Analysis of your website statistics will determine where potential customers are going within the website. This data can be used to determine what pages require improving and what pages could be left alone (or in some cases deleted altogether.)
Fundamentally, this section involves doing what you can to get more people to see what it is you built your website for in the first place.
This could be anything from trying to drive more people to sign up for a newsletter through to viewing a range of products/services that your business offers.
3. Are you getting enough potential customers engaged in the sales process? Do you have enough enquiries?
This is one of the more critical areas for review.
Here you are trying to get more website users to move from 'just browsing' to being actively engaged with your business. That is to call your 1800 number, fill in an enquiry form or view the various products/services you have on offer.
This could include things like modifying the 'product' (or service) copy for Search Engines, re-designing e-commerce forms to be easier (and quicker) to fill in, improving the forms 'call to action', better placement of contact information etc...
Installing external functionality to move people to or engage people in your offer is also an option.
Some time back I discovered a brilliant platform that does just that called LivePerson (or the opensource version, PHPLive) which can both push potential customers to the 'offer' and more importantly, prompt people to engage in the quoting/buying process as soon as they enter your website.
4. Are you converting as many leads as your business is capable of?
Improvement in this area will cover everything from ensuring that the quality of leads (in the case of a sales driven website) getting to the sales people is high through to making sure that each and every lead is promptly addressed, given to the relevant sales person and most importantly, entered into the system for follow up.
Once again, technologies like LivePerson and PHPLive will help close more sales.
Analysis of your websites stats would help determine which type of customer generated more sales and therefore allow you to modify various marketing programs, website copy/design etc... as appropriate.

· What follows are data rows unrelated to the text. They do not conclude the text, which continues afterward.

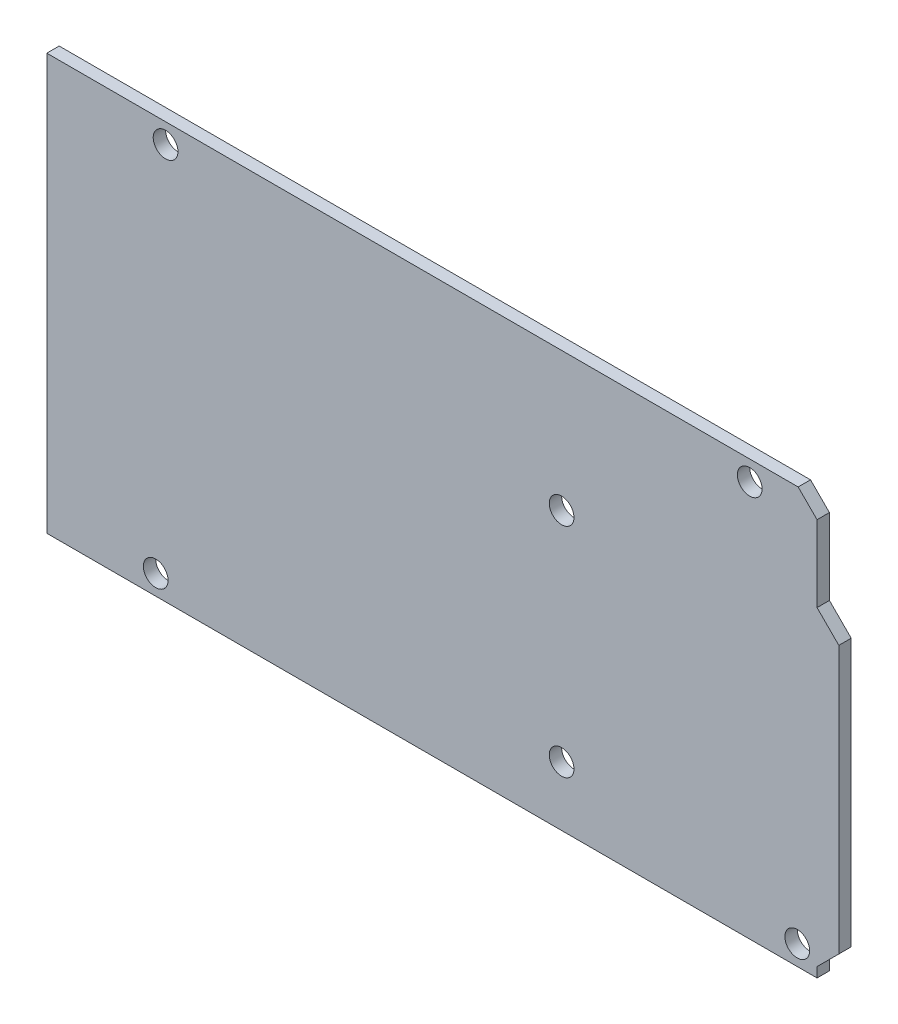
SolidWorks part; units mm, degrees
ref_plane "Front Plane" through (0, 0, 0) normal (0, 0, 1) x (1, 0, 0)
ref_plane "Top Plane" through (0, 0, 0) normal (0, 1, 0) x (1, 0, 0)
ref_plane "Right Plane" through (0, 0, 0) normal (1, 0, 0) x (0, 0, -1)
sketch "Sketch1" plane through (0, 0, 0) normal (0, 0, 1) x (1, 0, 0)
  line L0 (13.97, 2.54) -> (96.266, 2.54) construction
  line L1 (0, 0) -> (101.6, 0)
  line L2 (0, 0) -> (0, 53.34)
  line L3 (0, 53.34) -> (96.3813, 53.34)
  line L4 (101.6, 0) -> (101.6, 38.354)
  line L5 (66.04, 7.62) -> (66.04, 35.56) construction
  line L6 (15.24, 50.8) -> (90.17, 50.8) construction
  line L7 (98.806, 0) -> (98.806, 1.27)
  line L8 (98.806, 1.27) -> (101.6, 4.064)
  line L9 (96.3813, 53.34) -> (98.806, 50.9153)
  line L10 (98.806, 50.9153) -> (98.806, 41.148)
  line L11 (98.806, 41.148) -> (101.6, 38.354)
  circle A0 centre (15.24, 50.8) radius 1.5875
  circle A1 centre (13.97, 2.54) radius 1.5875
  circle A2 centre (90.17, 50.8) radius 1.5875
  circle A3 centre (96.266, 2.54) radius 1.5875
  circle A4 centre (66.04, 35.56) radius 1.5875
  circle A5 centre (66.04, 7.62) radius 1.5875
  dimension "D4" = 3.175
  dimension "D1" = 101.6
  dimension "D2" = 53.34
  dimension "D3" = 2.54
  dimension "D5" = 13.97
  dimension "D6" = 1.27
  dimension "D7" = 5.08
  dimension "D8" = 27.94
  dimension "D9" = 15.24
  dimension "D10" = 50.8
  dimension "D11" = 24.13
  dimension "D12" = 82.296
  dimension "D13" = 1.27
  dimension "D14" = 135
  dimension "D15" = 2.794
  dimension "D16" = 39.878
  dimension "D17" = 3.429
extrude "Boss-Extrude1" add sketch "Sketch1" along normal blind 1.5875 contours L11 L10 L9 L3 L2 L1 L7 L8 L4 A5 A4 A3 A2 A1 A0

Importantly for this section, you need also review 'non website factors that contribute to helping or harming the sales/conversion process.
I once provided some advice for a very large business in the 'moving' sector that was getting a strong volume of leads but not converting as many of these as they would have liked.
The problem boiled down to 1 fundamental issue... poor management of the leads coming from the website.
Here leads were often getting lost (they were printed out by reception and handed on paper to the sales staff) and in the main were not being addressed in a quick enough fashion (what worked for the offline business wasn't working online where quicker, more nimble competitors were responding in 'web time'.)
3 things I suggested ended up contributing to an approx. 500% increase in sales for this business.
- All leads from the website were automatically submitted to a Customer Relationship Management (CRM) system.
- All leads from the website were to be responded to within 24 hours of them being received.
- Casual staff were employed to work weekends such that leads received on a Saturday (where almost 50% of leads come from in the moving space) were addressed shortly after they were submitted.
The above 4 area's are constantly repeated as you gather data from your websites statistics, SEO, SEM, customer feedback, marketing performance and competitor analysis... 'Feedback Loops'.
Importantly by improving each of these 4 marketing touch points, even incrementally, you should see a profound improvement in volume of leads/enquiries from your website marketing efforts... and hopefully therefore in actual sales, membership subscriptions or service contracts (or whatever you would define as a 'conversion' from your website.)